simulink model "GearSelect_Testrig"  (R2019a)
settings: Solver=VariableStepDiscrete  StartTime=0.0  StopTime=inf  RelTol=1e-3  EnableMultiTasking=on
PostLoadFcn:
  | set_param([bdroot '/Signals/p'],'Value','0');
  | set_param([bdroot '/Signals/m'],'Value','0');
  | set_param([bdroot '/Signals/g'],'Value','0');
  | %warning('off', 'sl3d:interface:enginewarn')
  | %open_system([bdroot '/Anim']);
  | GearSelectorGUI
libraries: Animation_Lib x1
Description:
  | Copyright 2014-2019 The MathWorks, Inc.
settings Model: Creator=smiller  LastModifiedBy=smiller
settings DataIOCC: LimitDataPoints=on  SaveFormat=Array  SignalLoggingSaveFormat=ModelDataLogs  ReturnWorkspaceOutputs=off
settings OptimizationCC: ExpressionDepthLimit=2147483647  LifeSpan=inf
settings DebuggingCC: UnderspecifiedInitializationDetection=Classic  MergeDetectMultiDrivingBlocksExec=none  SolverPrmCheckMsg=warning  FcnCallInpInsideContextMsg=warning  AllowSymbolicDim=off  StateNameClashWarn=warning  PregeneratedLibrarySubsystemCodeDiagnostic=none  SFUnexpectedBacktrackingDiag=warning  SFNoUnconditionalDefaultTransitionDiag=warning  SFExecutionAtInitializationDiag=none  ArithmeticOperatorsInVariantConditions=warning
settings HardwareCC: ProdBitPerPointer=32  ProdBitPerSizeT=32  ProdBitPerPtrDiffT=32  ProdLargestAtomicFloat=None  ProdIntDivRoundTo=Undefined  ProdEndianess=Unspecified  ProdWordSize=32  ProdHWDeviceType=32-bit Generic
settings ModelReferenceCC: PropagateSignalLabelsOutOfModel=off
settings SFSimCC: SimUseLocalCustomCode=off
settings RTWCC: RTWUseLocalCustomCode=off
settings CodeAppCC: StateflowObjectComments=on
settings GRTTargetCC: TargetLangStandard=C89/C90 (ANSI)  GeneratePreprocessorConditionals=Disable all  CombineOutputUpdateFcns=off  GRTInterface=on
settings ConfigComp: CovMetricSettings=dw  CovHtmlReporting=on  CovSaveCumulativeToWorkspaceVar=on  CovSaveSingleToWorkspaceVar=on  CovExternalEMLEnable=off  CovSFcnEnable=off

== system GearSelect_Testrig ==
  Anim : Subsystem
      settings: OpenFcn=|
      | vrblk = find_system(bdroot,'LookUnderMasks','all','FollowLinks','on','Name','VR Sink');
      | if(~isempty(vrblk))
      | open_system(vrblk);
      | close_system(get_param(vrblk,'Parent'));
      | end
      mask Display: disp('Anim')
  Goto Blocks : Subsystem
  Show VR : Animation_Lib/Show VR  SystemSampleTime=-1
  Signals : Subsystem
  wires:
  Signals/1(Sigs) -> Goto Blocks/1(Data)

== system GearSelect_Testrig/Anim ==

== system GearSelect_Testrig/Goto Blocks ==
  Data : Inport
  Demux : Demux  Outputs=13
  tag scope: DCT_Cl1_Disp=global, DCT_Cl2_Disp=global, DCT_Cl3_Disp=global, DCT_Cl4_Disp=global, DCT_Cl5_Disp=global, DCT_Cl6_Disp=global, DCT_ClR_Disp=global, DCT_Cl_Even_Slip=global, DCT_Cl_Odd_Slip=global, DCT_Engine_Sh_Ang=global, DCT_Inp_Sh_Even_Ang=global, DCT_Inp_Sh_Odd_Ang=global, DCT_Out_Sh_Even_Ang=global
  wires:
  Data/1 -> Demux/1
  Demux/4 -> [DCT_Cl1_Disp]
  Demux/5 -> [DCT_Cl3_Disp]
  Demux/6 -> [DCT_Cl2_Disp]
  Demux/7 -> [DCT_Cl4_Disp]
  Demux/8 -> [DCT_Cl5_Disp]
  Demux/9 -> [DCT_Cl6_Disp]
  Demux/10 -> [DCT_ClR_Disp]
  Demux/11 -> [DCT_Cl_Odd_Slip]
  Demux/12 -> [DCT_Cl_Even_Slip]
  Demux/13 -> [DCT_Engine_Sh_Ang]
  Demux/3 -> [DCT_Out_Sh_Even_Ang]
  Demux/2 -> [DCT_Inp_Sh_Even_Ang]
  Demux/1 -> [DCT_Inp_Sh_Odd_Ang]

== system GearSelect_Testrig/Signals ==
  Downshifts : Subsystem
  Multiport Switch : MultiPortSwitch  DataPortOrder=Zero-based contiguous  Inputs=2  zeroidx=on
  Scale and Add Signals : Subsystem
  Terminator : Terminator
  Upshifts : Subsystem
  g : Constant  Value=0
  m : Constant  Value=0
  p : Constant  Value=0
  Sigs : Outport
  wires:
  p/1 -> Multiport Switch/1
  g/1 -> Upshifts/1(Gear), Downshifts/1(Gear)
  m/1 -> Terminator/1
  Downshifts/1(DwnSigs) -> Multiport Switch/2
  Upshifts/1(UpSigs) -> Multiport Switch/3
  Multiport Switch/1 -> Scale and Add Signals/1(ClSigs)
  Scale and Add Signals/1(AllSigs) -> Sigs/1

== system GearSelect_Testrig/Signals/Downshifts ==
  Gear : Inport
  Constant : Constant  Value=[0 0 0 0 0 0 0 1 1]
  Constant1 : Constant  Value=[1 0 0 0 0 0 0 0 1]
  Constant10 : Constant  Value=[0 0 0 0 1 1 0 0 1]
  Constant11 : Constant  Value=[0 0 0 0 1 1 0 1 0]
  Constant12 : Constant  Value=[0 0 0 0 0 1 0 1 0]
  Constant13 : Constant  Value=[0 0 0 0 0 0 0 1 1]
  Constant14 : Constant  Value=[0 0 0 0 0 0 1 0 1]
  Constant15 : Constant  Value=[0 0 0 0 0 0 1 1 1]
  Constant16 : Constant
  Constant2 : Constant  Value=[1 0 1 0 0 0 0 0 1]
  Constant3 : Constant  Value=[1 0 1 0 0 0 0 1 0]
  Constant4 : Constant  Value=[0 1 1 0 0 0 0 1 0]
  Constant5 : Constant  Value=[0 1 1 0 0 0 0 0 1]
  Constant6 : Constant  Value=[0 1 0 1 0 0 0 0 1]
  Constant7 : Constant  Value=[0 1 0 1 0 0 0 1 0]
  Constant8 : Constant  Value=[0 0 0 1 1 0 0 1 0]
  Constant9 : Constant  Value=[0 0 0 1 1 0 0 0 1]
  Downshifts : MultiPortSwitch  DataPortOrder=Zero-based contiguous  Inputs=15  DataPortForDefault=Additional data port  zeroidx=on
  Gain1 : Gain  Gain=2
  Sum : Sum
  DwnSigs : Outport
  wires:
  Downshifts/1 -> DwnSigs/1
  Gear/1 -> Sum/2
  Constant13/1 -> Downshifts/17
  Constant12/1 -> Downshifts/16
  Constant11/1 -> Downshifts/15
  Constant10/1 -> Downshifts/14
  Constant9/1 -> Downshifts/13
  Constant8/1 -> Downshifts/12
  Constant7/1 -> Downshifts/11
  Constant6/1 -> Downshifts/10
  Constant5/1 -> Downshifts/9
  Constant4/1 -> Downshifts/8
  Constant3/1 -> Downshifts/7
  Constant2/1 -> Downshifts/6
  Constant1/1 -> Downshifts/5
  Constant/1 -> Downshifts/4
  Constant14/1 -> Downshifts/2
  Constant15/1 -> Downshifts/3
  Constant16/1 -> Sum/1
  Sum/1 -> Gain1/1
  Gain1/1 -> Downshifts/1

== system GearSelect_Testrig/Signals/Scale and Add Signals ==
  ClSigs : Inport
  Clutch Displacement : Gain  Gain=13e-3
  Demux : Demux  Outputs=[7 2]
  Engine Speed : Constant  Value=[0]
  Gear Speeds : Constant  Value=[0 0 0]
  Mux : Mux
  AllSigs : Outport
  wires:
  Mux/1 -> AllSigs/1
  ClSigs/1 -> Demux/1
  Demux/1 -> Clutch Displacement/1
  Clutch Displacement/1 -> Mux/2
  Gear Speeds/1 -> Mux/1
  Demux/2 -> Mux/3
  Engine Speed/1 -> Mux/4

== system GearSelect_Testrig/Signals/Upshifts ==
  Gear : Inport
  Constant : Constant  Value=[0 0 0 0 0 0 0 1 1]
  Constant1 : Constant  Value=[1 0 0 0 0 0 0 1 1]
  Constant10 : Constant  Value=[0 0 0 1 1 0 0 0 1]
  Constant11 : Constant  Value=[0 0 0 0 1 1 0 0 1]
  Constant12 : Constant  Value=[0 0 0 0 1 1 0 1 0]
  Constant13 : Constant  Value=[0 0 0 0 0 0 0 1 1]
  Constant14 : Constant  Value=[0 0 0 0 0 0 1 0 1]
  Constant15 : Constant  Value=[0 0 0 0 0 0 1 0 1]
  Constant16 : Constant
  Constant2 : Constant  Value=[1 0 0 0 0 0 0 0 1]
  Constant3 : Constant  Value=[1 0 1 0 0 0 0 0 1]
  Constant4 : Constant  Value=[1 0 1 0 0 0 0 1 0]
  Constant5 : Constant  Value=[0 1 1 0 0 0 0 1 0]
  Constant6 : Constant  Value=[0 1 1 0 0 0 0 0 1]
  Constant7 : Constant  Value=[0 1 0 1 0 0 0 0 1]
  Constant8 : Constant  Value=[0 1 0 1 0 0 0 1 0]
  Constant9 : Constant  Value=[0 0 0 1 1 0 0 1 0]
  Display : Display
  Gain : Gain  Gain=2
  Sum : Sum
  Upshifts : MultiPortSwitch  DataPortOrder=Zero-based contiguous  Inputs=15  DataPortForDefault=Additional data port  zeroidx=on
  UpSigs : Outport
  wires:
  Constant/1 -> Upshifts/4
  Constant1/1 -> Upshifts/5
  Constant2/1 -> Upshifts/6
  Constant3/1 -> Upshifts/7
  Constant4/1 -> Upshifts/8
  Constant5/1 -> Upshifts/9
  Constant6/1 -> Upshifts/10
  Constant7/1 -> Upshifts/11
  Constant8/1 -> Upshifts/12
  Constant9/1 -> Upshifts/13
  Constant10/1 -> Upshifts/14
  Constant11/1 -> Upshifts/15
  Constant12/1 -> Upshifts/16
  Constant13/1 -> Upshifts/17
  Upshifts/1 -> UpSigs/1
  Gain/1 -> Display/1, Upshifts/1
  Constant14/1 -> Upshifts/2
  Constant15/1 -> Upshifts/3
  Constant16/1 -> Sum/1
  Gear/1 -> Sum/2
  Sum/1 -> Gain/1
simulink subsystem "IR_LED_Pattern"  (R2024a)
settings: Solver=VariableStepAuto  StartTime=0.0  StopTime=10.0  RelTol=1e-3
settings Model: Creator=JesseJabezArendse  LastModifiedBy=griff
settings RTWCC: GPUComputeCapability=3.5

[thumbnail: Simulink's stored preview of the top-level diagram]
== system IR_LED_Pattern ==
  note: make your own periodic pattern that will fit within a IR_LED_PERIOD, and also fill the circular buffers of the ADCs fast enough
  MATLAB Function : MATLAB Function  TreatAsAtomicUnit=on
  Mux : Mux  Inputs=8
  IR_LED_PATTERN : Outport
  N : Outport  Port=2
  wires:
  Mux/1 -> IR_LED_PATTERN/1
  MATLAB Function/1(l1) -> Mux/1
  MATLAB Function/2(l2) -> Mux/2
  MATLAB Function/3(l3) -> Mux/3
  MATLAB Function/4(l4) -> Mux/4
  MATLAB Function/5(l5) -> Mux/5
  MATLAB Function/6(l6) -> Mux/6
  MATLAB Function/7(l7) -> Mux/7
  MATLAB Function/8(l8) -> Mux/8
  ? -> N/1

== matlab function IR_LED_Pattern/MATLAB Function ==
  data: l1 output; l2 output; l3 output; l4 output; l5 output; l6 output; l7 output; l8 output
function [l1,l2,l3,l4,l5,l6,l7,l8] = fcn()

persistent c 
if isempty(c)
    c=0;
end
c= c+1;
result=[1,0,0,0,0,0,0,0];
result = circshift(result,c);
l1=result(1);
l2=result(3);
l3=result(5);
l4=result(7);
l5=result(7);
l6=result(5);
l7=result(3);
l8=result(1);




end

> **PROBLEM STATEMENT**: Copy out only the lines running from the beginning of the data to the line with "settings OptimizationCC: ExpressionDepthLimit=2147483647", both ends included.

> **RESPONSE TO THIS TASK**:
simulink model "GearSelect_Testrig"  (R2019a)
settings: Solver=VariableStepDiscrete  StartTime=0.0  StopTime=inf  RelTol=1e-3  EnableMultiTasking=on
PostLoadFcn:
  | set_param([bdroot '/Signals/p'],'Value','0');
  | set_param([bdroot '/Signals/m'],'Value','0');
  | set_param([bdroot '/Signals/g'],'Value','0');
  | %warning('off', 'sl3d:interface:enginewarn')
  | %open_system([bdroot '/Anim']);
  | GearSelectorGUI
libraries: Animation_Lib x1
Description:
  | Copyright 2014-2019 The MathWorks, Inc.
settings Model: Creator=smiller  LastModifiedBy=smiller
settings DataIOCC: LimitDataPoints=on  SaveFormat=Array  SignalLoggingSaveFormat=ModelDataLogs  ReturnWorkspaceOutputs=off
settings OptimizationCC: ExpressionDepthLimit=2147483647  LifeSpan=inf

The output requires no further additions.